Colaborador Invitado

El panorama laboral de las futbolistas mexicanas

A pesar del crecimiento tan positivo de la Liga MX Femenil, hay aun diversos aspectos relacionados con el panorama laboral de las jugadoras en los que seguir trabajando.

La autora es Abogada en Bellver Sports y Árbitra del TAS/CAS.

El futbol femenino está en un momento de crecimiento y profesionalización. En su centro, las jugadoras, quienes demandan mejores condiciones no solo laborales sino a nivel técnico, de instalaciones e infraestructuras. Desde la conocida reclamación de las futbolistas de la selección de EU sobre discriminación de género sistemática, hasta el #Seacabó viral tras los vergonzosos acontecimientos del presidente Luis Rubiales, durante la entrega de medallas de la final del último campeonato del mundo femenino, lo que se ha ido produciendo es un movimiento global, promovido por jugadoras en diferentes partes del mundo, pero con un denominador común: la mejora de sus condiciones laborales.
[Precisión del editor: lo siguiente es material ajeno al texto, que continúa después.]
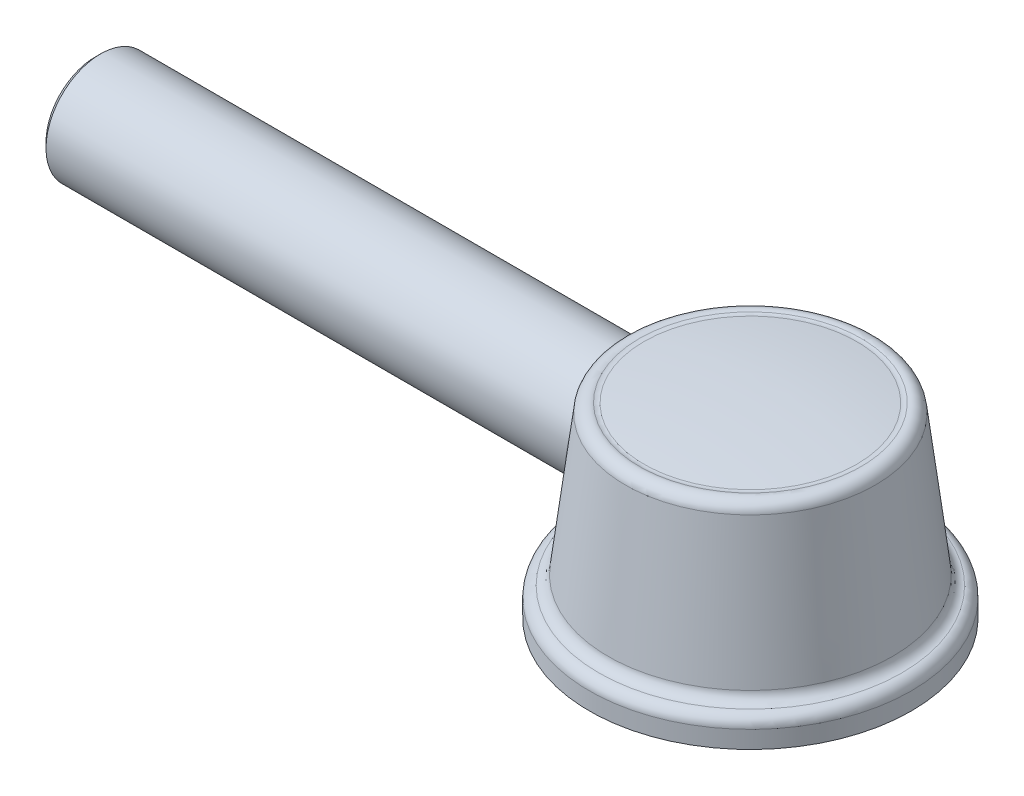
ISO-10303-21;
HEADER;
FILE_DESCRIPTION(('STEP AP214'),'2;1');
FILE_NAME('part.step','',(''),(''),'','','');
FILE_SCHEMA(('AUTOMOTIVE_DESIGN { 1 0 10303 214 1 1 1 1 }'));
ENDSEC;
DATA;
#1=APPLICATION_CONTEXT('core data for automotive mechanical design processes');
#2=APPLICATION_PROTOCOL_DEFINITION('international standard','automotive_design',2000,#1);
#3=PRODUCT_CONTEXT('',#1,'mechanical');
#4=PRODUCT('Part','Part','',(#3));
#5=PRODUCT_RELATED_PRODUCT_CATEGORY('part','',(#4));
#6=PRODUCT_DEFINITION_FORMATION('','',#4);
#7=PRODUCT_DEFINITION_CONTEXT('part definition',#1,'design');
#8=PRODUCT_DEFINITION('design','',#6,#7);
#9=PRODUCT_DEFINITION_SHAPE('','',#8);
#10=(LENGTH_UNIT() NAMED_UNIT(*) SI_UNIT(.MILLI.,.METRE.));
#11=(NAMED_UNIT(*) PLANE_ANGLE_UNIT() SI_UNIT($,.RADIAN.));
#12=(NAMED_UNIT(*) SI_UNIT($,.STERADIAN.) SOLID_ANGLE_UNIT());
#13=UNCERTAINTY_MEASURE_WITH_UNIT(LENGTH_MEASURE(1.E-05),#10,'distance_accuracy_value','');
#14=(GEOMETRIC_REPRESENTATION_CONTEXT(3) GLOBAL_UNCERTAINTY_ASSIGNED_CONTEXT((#13)) GLOBAL_UNIT_ASSIGNED_CONTEXT((#10,
#11,#12)) REPRESENTATION_CONTEXT('',''));
#15=CARTESIAN_POINT('',(0.,0.,0.));
#16=DIRECTION('',(0.,0.,1.));
#17=DIRECTION('',(1.,0.,0.));
#18=AXIS2_PLACEMENT_3D('',#15,#16,#17);
#19=CARTESIAN_POINT('',(0.,0.,0.));
#20=DIRECTION('',(-1.,0.,0.));
#21=DIRECTION('',(0.,0.,1.));
#22=AXIS2_PLACEMENT_3D('',#19,#20,#21);
#23=CYLINDRICAL_SURFACE('',#22,10.);
#24=CARTESIAN_POINT('',(94.548360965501,-5.74947677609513,-8.18190178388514));
#25=CARTESIAN_POINT('',(96.0633886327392,-6.15727673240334,-7.89533804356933));
#26=CARTESIAN_POINT('',(96.4005498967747,-7.14202274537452,-9.10377752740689));
#27=CARTESIAN_POINT('',(94.3222414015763,-6.21811205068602,-7.85258545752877));
#28=CARTESIAN_POINT('',(95.8818258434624,-6.63055982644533,-7.52742225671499));
#29=CARTESIAN_POINT('',(96.1862186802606,-7.70438507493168,-8.73915646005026));
#30=CARTESIAN_POINT('',(94.0940728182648,-6.65811418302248,-7.4833152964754));
#31=CARTESIAN_POINT('',(95.7052899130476,-7.06014408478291,-7.12479148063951));
#32=CARTESIAN_POINT('',(95.9701818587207,-8.232387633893,-8.32973627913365));
#33=CARTESIAN_POINT('',(93.6519993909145,-7.47135927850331,-6.67147115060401));
#34=CARTESIAN_POINT('',(95.3735882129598,-7.83698310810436,-6.26255135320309));
#35=CARTESIAN_POINT('',(95.5518563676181,-9.20828174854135,-7.42858602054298));
#36=CARTESIAN_POINT('',(93.4381000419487,-7.84457661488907,-6.22886915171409));
#37=CARTESIAN_POINT('',(95.218986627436,-8.18201474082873,-5.80126487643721));
#38=CARTESIAN_POINT('',(95.3495729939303,-9.65614255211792,-6.93682448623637));
#39=CARTESIAN_POINT('',(93.1398506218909,-8.34871325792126,-5.51241654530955));
#40=CARTESIAN_POINT('',(95.0118084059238,-8.63377305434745,-5.08022805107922));
#41=CARTESIAN_POINT('',(95.0676052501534,-10.2611065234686,-6.14016883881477));
#42=CARTESIAN_POINT('',(93.0433672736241,-8.50876663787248,-5.26210887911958));
#43=CARTESIAN_POINT('',(94.9459130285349,-8.77531403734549,-4.83008951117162));
#44=CARTESIAN_POINT('',(94.9764048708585,-10.4531705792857,-5.86173974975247));
#45=CARTESIAN_POINT('',(92.8611375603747,-8.80692830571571,-4.74622308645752));
#46=CARTESIAN_POINT('',(94.8237594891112,-9.03513587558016,-4.32187277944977));
#47=CARTESIAN_POINT('',(94.8041732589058,-10.8109645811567,-5.28771312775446));
#48=CARTESIAN_POINT('',(92.7753861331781,-8.9450469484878,-4.4806522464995));
#49=CARTESIAN_POINT('',(94.7676922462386,-9.1529757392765,-4.06398179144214));
#50=CARTESIAN_POINT('',(94.7231372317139,-10.9767069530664,-4.99212378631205));
#51=CARTESIAN_POINT('',(92.6168484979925,-9.19766269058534,-3.93612189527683));
#52=CARTESIAN_POINT('',(94.6659437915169,-9.36537299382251,-3.54271173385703));
#53=CARTESIAN_POINT('',(94.5733295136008,-11.279845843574,-4.38588722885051));
#54=CARTESIAN_POINT('',(92.5440547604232,-9.31217351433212,-3.65717027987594));
#55=CARTESIAN_POINT('',(94.6204625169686,-9.45949482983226,-3.27969041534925));
#56=CARTESIAN_POINT('',(94.5045507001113,-11.4172588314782,-4.0752488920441));
#57=CARTESIAN_POINT('',(92.4133704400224,-9.51610475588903,-3.08789735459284));
#58=CARTESIAN_POINT('',(94.5401559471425,-9.62494879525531,-2.74996917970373));
#59=CARTESIAN_POINT('',(94.3810809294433,-11.66197632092,-3.44118447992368));
#60=CARTESIAN_POINT('',(92.35547762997,-9.60552892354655,-2.79757775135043));
#61=CARTESIAN_POINT('',(94.5055226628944,-9.69587689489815,-2.48378911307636));
#62=CARTESIAN_POINT('',(94.3263878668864,-11.7692853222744,-3.11776032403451));
#63=CARTESIAN_POINT('',(92.2615558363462,-9.74981210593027,-2.23946629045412));
#64=CARTESIAN_POINT('',(94.4500751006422,-9.80914130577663,-1.97781735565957));
#65=CARTESIAN_POINT('',(94.2376601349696,-11.9424251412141,-2.49591855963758));
#66=CARTESIAN_POINT('',(92.2238581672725,-9.80733286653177,-1.97255506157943));
#67=CARTESIAN_POINT('',(94.4282848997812,-9.85350546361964,-1.73853450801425));
#68=CARTESIAN_POINT('',(94.2020486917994,-12.0114500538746,-2.19849155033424));
#69=CARTESIAN_POINT('',(92.1626496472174,-9.90044565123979,-1.43383098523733));
#70=CARTESIAN_POINT('',(94.3931607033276,-9.92492963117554,-1.25889828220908));
#71=CARTESIAN_POINT('',(94.1442285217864,-12.1231853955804,-1.59812355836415));
#72=CARTESIAN_POINT('',(92.1391371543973,-9.93604021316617,-1.1620187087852));
#73=CARTESIAN_POINT('',(94.3799085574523,-9.95182266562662,-1.0190878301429));
#74=CARTESIAN_POINT('',(94.1220182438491,-12.1658988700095,-1.2951832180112));
#75=CARTESIAN_POINT('',(92.1069081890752,-9.98477660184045,-0.615917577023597));
#76=CARTESIAN_POINT('',(94.3617678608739,-9.98862192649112,-0.538838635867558));
#77=CARTESIAN_POINT('',(94.0915744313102,-12.2243825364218,-0.686515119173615));
#78=CARTESIAN_POINT('',(92.0981844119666,-9.99792951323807,-0.341630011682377));
#79=CARTESIAN_POINT('',(94.3569198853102,-9.99844579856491,-0.298987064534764));
#80=CARTESIAN_POINT('',(94.0833339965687,-12.2401660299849,-0.380788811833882));
#81=CARTESIAN_POINT('',(92.0957399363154,-10.0016182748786,0.207137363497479));
#82=CARTESIAN_POINT('',(94.355553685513,-10.0012151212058,0.181324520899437));
#83=CARTESIAN_POINT('',(94.0810249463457,-12.2445925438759,0.230880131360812));
#84=CARTESIAN_POINT('',(92.1020183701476,-9.99215543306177,0.481617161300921));
#85=CARTESIAN_POINT('',(94.3590384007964,-9.99415461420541,0.421180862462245));
#86=CARTESIAN_POINT('',(94.0869555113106,-12.2332371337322,0.53682275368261));
#87=CARTESIAN_POINT('',(92.1281196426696,-9.95270840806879,1.00265515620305));
#88=CARTESIAN_POINT('',(94.3737029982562,-9.96441313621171,0.878830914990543));
#89=CARTESIAN_POINT('',(94.1116109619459,-12.185900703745,1.11756400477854));
#90=CARTESIAN_POINT('',(92.1466153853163,-9.92473449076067,1.24941517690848));
#91=CARTESIAN_POINT('',(94.3840987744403,-9.94332367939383,1.09607437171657));
#92=CARTESIAN_POINT('',(94.1290822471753,-12.1523320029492,1.39258964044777));
#93=CARTESIAN_POINT('',(92.1953952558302,-9.85067010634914,1.73945969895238));
#94=CARTESIAN_POINT('',(94.4119223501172,-9.88679071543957,1.53070014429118));
#95=CARTESIAN_POINT('',(94.175161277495,-12.0634547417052,1.93873043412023));
#96=CARTESIAN_POINT('',(92.2256830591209,-9.80457399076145,1.98274309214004));
#97=CARTESIAN_POINT('',(94.4292977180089,-9.85145398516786,1.74766892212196));
#98=CARTESIAN_POINT('',(94.2037724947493,-12.0081394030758,2.20984434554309));
#99=CARTESIAN_POINT('',(92.2974117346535,-9.69481146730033,2.46404977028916));
#100=CARTESIAN_POINT('',(94.4711961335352,-9.76602725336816,2.18109774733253));
#101=CARTESIAN_POINT('',(94.2715328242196,-11.8764243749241,2.74615621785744));
#102=CARTESIAN_POINT('',(92.3388488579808,-9.6311509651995,2.70207479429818));
#103=CARTESIAN_POINT('',(94.4956393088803,-9.71610120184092,2.39718615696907));
#104=CARTESIAN_POINT('',(94.310678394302,-11.8000317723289,3.01135613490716));
#105=CARTESIAN_POINT('',(92.4320780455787,-9.48690750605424,3.17158167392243));
#106=CARTESIAN_POINT('',(94.5517499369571,-9.6010538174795,2.82822602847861));
#107=CARTESIAN_POINT('',(94.398755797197,-11.6269396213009,3.53439551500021));
#108=CARTESIAN_POINT('',(92.4838740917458,-9.40631804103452,3.40306097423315));
#109=CARTESIAN_POINT('',(94.5833251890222,-9.53612418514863,3.04286198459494));
#110=CARTESIAN_POINT('',(94.4476913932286,-11.5302322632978,3.7922321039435));
#111=CARTESIAN_POINT('',(92.5980039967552,-9.22718766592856,3.86278306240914));
#112=CARTESIAN_POINT('',(94.6543695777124,-9.38924767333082,3.47424137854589));
#113=CARTESIAN_POINT('',(94.555524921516,-11.3152758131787,4.30421396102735));
#114=CARTESIAN_POINT('',(92.6605321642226,-9.12831253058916,4.09086214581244));
#115=CARTESIAN_POINT('',(94.6938821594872,-9.30720283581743,3.69071384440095));
#116=CARTESIAN_POINT('',(94.6146065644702,-11.1966256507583,4.55817511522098));
#117=CARTESIAN_POINT('',(92.7942019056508,-8.91465437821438,4.53765714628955));
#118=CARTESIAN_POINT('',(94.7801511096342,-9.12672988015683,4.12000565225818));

A pesar del crecimiento tan positivo de la Liga MX Femenil, hay aun diversos aspectos relacionados con el panorama laboral de las jugadoras en los que seguir trabajando. Según el último informe de la FIFA sobre el pluriempleo en el futbol femenino, publicado el 5 de abril de este año, donde la máxima institución del fútbol estudia en varios países, entre ellos México, las circunstancias laborales que rodean a las jugadoras de élite, existe aún un 19% de jugadoras que mantienen un segundo empleo además del futbol.

El informe concluye con cuatro recomendaciones principales para las partes interesadas:

• Considerar a las futbolistas de forma integral.

• Ser conscientes de la carga de trabajo que suponen para las jugadoras el pluriempleo y demás obligaciones, como las de cuidado o maternidad, y ajustarse a ellas.

• Ayudar a las futbolistas a compaginar múltiples responsabilidades: si el futbol no puede ser flexible, es necesario dotarles de más seguridad.

• Adoptar un doble enfoque para la dotación de recursos y gestión de las carreras futbolísticas.

Es cierto que hay jugadoras con rangos salariales altos y competitivos en México, y también clubes que están invirtiendo en estructura, cuerpo técnico y presupuestos para poder ser competitivos y proporcionar un trabajo de calidad a sus jugadoras. El camino se está haciendo y hay muchos desafíos por delante, sin embargo, ¿qué más se necesita que en otros países puede servir como referencia? Desde mi experiencia, los convenios colectivos son clave.

Un convenio colectivo es un contrato entre un empleador/liga y un sindicato o asociación de jugadoras, en el que se acuerdan, entre otros, las condiciones mínimas de empleo, los salarios y los horarios y descansos.  Según datos de la FIFA, entre las ligas, el 32% mantenía un convenio colectivo en vigor en la temporada 2021-2022, y las que lo tenían eran más propensas a tener un salario mínimo (82%) en comparación con las que no lo tenían (39%).

Los convenios proporcionan seguridad, estabilidad y un entorno laboral profesional, dotando de unas normas mínimas relativas a sus condiciones laborales. Uno de los convenios más exitosos por su contenido es el de EU, de vigencia hasta 2026, y que establece un salario mínimo partiendo de 35,000 dólares anuales con aumentos anuales del 4%.

¿Qué otros desafíos tenemos en el fútbol femenino? Desarrollar una estrategia sobre estos tres pilares:

• Liderazgo: profesionales adecuados trabajando en este sector para potenciar la industria.

• Producto: desarrollar un producto auténtico, diferente al masculino, con su propia identidad, con el que poder comercializar y generar recursos.

• Audiencia: el futbol femenino está aumentando en popularidad, aunque la asistencia media en las ligas de todo el mundo resulta baja. Trabajar en una estrategia que contribuya a fidelizar esa audiencia es una prioridad. Ejemplos positivos como los de los clubes de la Liga MX Femenil jugando en los mismos estadios que el equipo masculino es un claro impulsor.

Y para las jugadoras, un mensaje, la unión entre ellas genera el respeto que piden, pero también el temor suficiente para conseguir el cambio que se busca.